# Historical Rebellion Inspiration



## popsprocket (Feb 5, 2013)

So I'm writing a scene list and one part just isn't coming together.

I have a POV character who essentially leads a rebellion, but near as I can tell she is the worst character I've ever come up with. I don't need _her _per se, but I do need someone to do her job.

What I'm looking for then are some historical events where a throne or ruling power was claimed/overthrown/put in jeopardy by a rebel group - preferably commoners. My googlefu is failing me on this one, so any key names or events would be wondrous 

At least using history as a prompt would work well with my other planning, as the main character is something like a cross between Spartacus and Alexander the Great.


----------



## Olly Buckle (Feb 5, 2013)

The *peasant's revolt* in England
The *Boxer rebellion* in China

Both put down of course, the people tend to be disorganised, the English revolution worked (for a bit) because of the New Model Army and its organisation, religion beat it. The American revolution and the French revolution were able to separate Religion from their political aims and were more successful.

Thinking of our history "The struggle against the British" might be worth a Google, there have been a lot of them.


----------



## dolphinlee (Feb 5, 2013)

The second Russian Revolution.


----------



## Nickleby (Feb 5, 2013)

The Italian revolution of 1848 actually succeeded in unifying the country, although the new government collapsed soon after. Several other revolutions took place that year, with mixed results.

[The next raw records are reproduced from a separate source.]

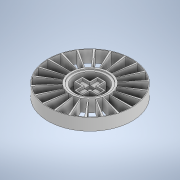
# Autodesk Inventor part: Capsule_Design_Final
Saved by Autodesk Inventor 2022 (Build 260153000, 153)
## iProperties
Created: 2023-02-21
Part Number: Capsule_Design_Final
Material: Generic
Document SubType Name: Modeling
Designer: zarek
Density: 1 g/cm^3
Appearance: Default
Author: zarek
Autodesk Inventor part; units mm, degrees
ref_plane "YZ Plane" through (0, 0, 0) normal (1, 0, 0) x (0, 1, 0)
sketch "Sketch1" plane through (0, 0, 0) normal (0, 1, 0) x (-1, 0, 0)
  circle A0 centre (0, 0) radius 88.9
  dimension "d0" = 177.8
  constraints: 1 centre point, 1 coincident
  measures "d0" diameter of A0
extrude "Extrusion1" add sketch "Sketch1" along normal blind 25.4
sketch "Sketch2" plane through (0, 25.4, 0) normal (0, 1, 0) x (1, 0, 0)
  circle A0 centre (0, 0) radius 87.4
  line L0 (0, 0) -> (-10.8342, 88.2374)
  circle A1 centre (0, 0) radius 88.9 projected
  line L1 (0, 0) -> (10.8342, 88.2374)
  circle A2 centre (0, 0) radius 34.925
  line L2 (0, 0) -> (0, 88.9)
  circle A3 centre (0, 0) radius 41.275
  point P0 (-4.2563, 34.6647)
  point P1 (4.2563, 34.6647)
  point P2 (10.6514, 86.7485)
  point P3 (-10.6514, 86.7485)
  point P4 (-5.0302, 40.9673)
  point P5 (5.0302, 40.9673)
  dimension "d3" = 174.8
  dimension "d4" = 69.85
  dimension "d10" = 14
  dimension "d11" = 7
  dimension "d45" = 82.55
  constraints: 6 end point, 3 centre point, 3 coincident, 3 point on circle, 1 vertical
  measures "d3" diameter of A0
  measures "d4" diameter of A2
  measures "d10" angle of L1 L0
  measures "d11" angle of L1 L2
  measures "d45" diameter of A3
extrude "Extrusion2" cut sketch "Sketch2" against normal blind 25.4 contours L1 A3 L2 A0 | A0 L2 A3 L0
pattern_circular "Circular Pattern1" count 22 over 360 about axis through (0, 0, 0) along (0, 1, 0) of "Extrusion2"
sketch "Sketch4" plane through (0, 25.4, 0) normal (0, 1, 0) x (1, 0, 0)
  circle A0 centre (0, 0) radius 32.425
  dimension "d16" = 64.85
  constraints: 1 centre point, 1 coincident
  measures "d16" diameter of A0
extrude "Extrusion3" cut sketch "Sketch4" against normal blind 20.4
ref_plane "Work Plane1" through (0, 5, 0) normal (0, 1, 0) x (1, 0, 0)
sketch "Sketch5" plane through (0, 5, 0) normal (0, 1, 0) x (1, 0, 0)
  line L0 (0, 0) -> (0, 25)
  line L1 (0, 0) -> (-25, 0)
  line L2 (0, 0) -> (0, -25)
  line L3 (0, 0) -> (25, 0)
  line L4 (25, 0) -> (25, -9)
  line L5 (0, -25) -> (9, -25)
  line L6 (9, -25) -> (9, -9)
  line L7 (9, -9) -> (25, -9)
  line L8 (0, -25) -> (-9, -25)
  line L9 (-9, -25) -> (-9, -9)
  line L10 (-9, -9) -> (-25, -9)
  line L11 (-25, -9) -> (-25, 0)
  line L12 (-25, 0) -> (-25, 9)
  line L13 (-25, 9) -> (-9, 9)
  line L14 (-9, 9) -> (-9, 25)
  line L15 (-9, 25) -> (0, 25)
  line L16 (9, 25) -> (0, 25)
  line L17 (9, 25) -> (9, 9)
  line L18 (9, 9) -> (25, 9)
  line L19 (25, 9) -> (25, 0)
  dimension "d65" = 25
  dimension "d66" = 25
  dimension "d67" = 25
  dimension "d68" = 25
  dimension "d69" = 9
  dimension "d70" = 9
  dimension "d71" = 9
  dimension "d72" = 9
  dimension "d85" = 9
  dimension "d86" = 9
  dimension "d87" = 9
  dimension "d88" = 9
  constraints: 40 end point, 11 point on line, 8 perpendicular, 3 horizontal, 2 vertical, 1 collinear
  measures "d65" distance of L0.start L0.end
  measures "d66" distance of L0.start L1.end
  measures "d67" distance of L0.start L2.end
  measures "d68" distance of L0.start L3.end
  measures "d69" distance of L3.end L4.end
  measures "d70" distance of L2.end L5.end
  measures "d71" distance of L2.end L8.end
  measures "d72" distance of L1.end L12.end
  measures "d85" distance between parallel lines of L3 L18
  measures "d86" distance between parallel lines of L0 L17
  measures "d87" distance between parallel lines of L14 L0
  measures "d88" distance between parallel lines of L10 L1
extrude "Extrusion4" add sketch "Sketch5" along normal blind 15
ref_plane "Work Plane3" through (0, 15.4, 0) normal (0, 1, 0) x (1, 0, 0)
sketch "Sketch21" plane through (0, 25.4, 0) normal (0, 1, 0) x (1, 0, 0)
  circle A0 centre (0, 0) radius 32.425
  circle A1 centre (0, 0) radius 37.425
  dimension "d51" = 64.85
  dimension "d52" = 74.85
  constraints: 2 centre point, 2 coincident
  measures "d51" diameter of A0
  measures "d52" diameter of A1
extrude "Extrusion8" cut sketch "Sketch21" against normal blind 2
sketch "Sketch23" plane through (0, 0, 0) normal (0, -1, 0) x (1, 0, 0)
  circle A0 centre (0, 0) radius 11
  dimension "d60" = 22
  constraints: 1 centre point, 1 coincident
  measures "d60" diameter of A0
extrude "Extrusion10" cut sketch "Sketch23" against normal blind 7
sketch "Sketch7" plane through (0, 15.4, 0) normal (0, 1, 0) x (1, 0, 0)
  line L0 (-6, 6) -> (6, 6)
  line L1 (6, 6) -> (6, -6)
  line L2 (6, -6) -> (-6, -6)
  line L3 (-6, -6) -> (-6, 6)
  line L4 (-15, 15) -> (15, 15) projected
  line L5 (15, 15) -> (15, -15) projected
  line L6 (-15, -15) -> (-15, 15) projected
  line L7 (15, -15) -> (-15, -15) projected
  point P0 (0, 0)
  dimension "d32" = 9
  dimension "d33" = 9
  dimension "d34" = 9
  dimension "d35" = 9
  constraints: 8 end point, 2 parallel, 1 horizontal, 1 perpendicular
  measures "d32" distance between parallel lines of L0 L4
  measures "d33" distance between parallel lines of L5 L1
  measures "d34" distance between parallel lines of L6 L3
  measures "d35" distance between parallel lines of L7 L2
extrude "Extrusion6" cut sketch "Sketch7" against normal blind 5 contours L0 L1 L2 L3
sketch "Sketch25" plane through (0, 20, 0) normal (0, 1, 0) x (1, 0, 0)
  line L0 (-22, 6) -> (-6, 6)
  line L1 (-6, 6) -> (-6, 22)
  line L2 (-6, 22) -> (6, 22)
  line L3 (6, 22) -> (6, 6)
  line L4 (6, 6) -> (22, 6)
  line L5 (22, 6) -> (22, -6)
  line L6 (22, -6) -> (6, -6)
  line L7 (6, -6) -> (6, -22)
  line L8 (6, -22) -> (-6, -22)
  line L9 (-6, -22) -> (-6, -6)
  line L10 (-22, -6) -> (-6, -6)
  line L11 (-22, -6) -> (-22, 6)
  line L12 (-9, 25) -> (-9, 9) projected
  line L13 (9, 25) -> (-9, 25) projected
  line L14 (9, 9) -> (9, 25) projected
  line L15 (9, 9) -> (25, 9) projected
  line L16 (9, -9) -> (25, -9) projected
  line L17 (25, -9) -> (25, 9) projected
  line L18 (9, -25) -> (9, -9) projected
  line L19 (-9, -25) -> (9, -25) projected
  line L20 (-9, -9) -> (-9, -25) projected
  line L21 (-25, -9) -> (-9, -9) projected
  line L22 (-25, 9) -> (-25, -9) projected
  line L23 (-9, 9) -> (-25, 9) projected
  point P0 (0, 0)
  dimension "d73" = 3
  dimension "d74" = 3
  dimension "d75" = 3
  dimension "d76" = 3
  dimension "d77" = 3
  dimension "d78" = 3
  dimension "d79" = 3
  dimension "d80" = 3
  dimension "d81" = 3
  dimension "d82" = 3
  dimension "d83" = 3
  dimension "d84" = 3
  constraints: 24 end point, 8 perpendicular, 8 point on line, 1 horizontal
  measures "d73" distance between parallel lines of L1 L12
  measures "d74" distance between parallel lines of L2 L13
  measures "d75" distance between parallel lines of L14 L3
  measures "d76" distance between parallel lines of L15 L4
  measures "d77" distance between parallel lines of L16 L6
  measures "d78" distance between parallel lines of L17 L5
  measures "d79" distance between parallel lines of L18 L7
  measures "d80" distance between parallel lines of L19 L8
  measures "d81" distance between parallel lines of L20 L9
  measures "d82" distance between parallel lines of L21 L10
  measures "d83" distance between parallel lines of L22 L11
  measures "d84" distance between parallel lines of L0 L23
extrude "Extrusion11" cut sketch "Sketch25" against normal blind 5 contours L0 L1 L2 L3 L4 L5 L6 L7 L8 L9 L10 L11
equation "\"d11\" = 0.5 * d10"
equation "\"d33\" = d32"
equation "\"d34\" = d32"
equation "\"d35\" = d32"
equation "\"d75\" = d73"
equation "\"d76\" = d73"
equation "\"d77\" = d73"
equation "\"d78\" = d73"
equation "\"d80\" = d73"
equation "\"d83\" = d73"
body "Solid1"

Giuseppe Garibaldi might be a good model for your narrator. Also Simon Bolivar of South America, from roughly the same period. Also Toussaint L'Ouverture of Haiti, although his rebellion failed, and he himself died in a French prison in 1803.


----------



## Hemlock (Feb 5, 2013)

I'm writing about a similar topic, and the first event that came to my mind was the EDSA Revolution
EDSA Revolution - Wikipedia, the free encyclopedia


----------



## popsprocket (Feb 5, 2013)

Thanks everyone!

I'll do my research and see if I can't come up with a likable character.


----------



## Lewdog (Feb 5, 2013)

​Gaddafi might be easy since it recently happened.


----------



## moderan (Feb 5, 2013)

John Dark?

Turn on the light.


----------



## Lewdog (Feb 5, 2013)

Storming of the Bastille?  "Let them eat cake!"


----------



## Angelwing (Feb 28, 2013)

French Revolution
Russian Revolution (1905, 1917) 
American Revolution
Shays' Rebellion
The Bonus Army 
Boxer Rebellion
Nat Turner's Rebellion 
Mexican Revolution
Haitian Revolution 
John Brown's Raid 
Pontiac's Rebellion
Decembrist Revolt
Chechnya's insurgency
Cuban Revolution (Castro) 
Irish Republican Party insurgency
Hutu uprising (Rwanda) 
Tiananmen Square protests


----------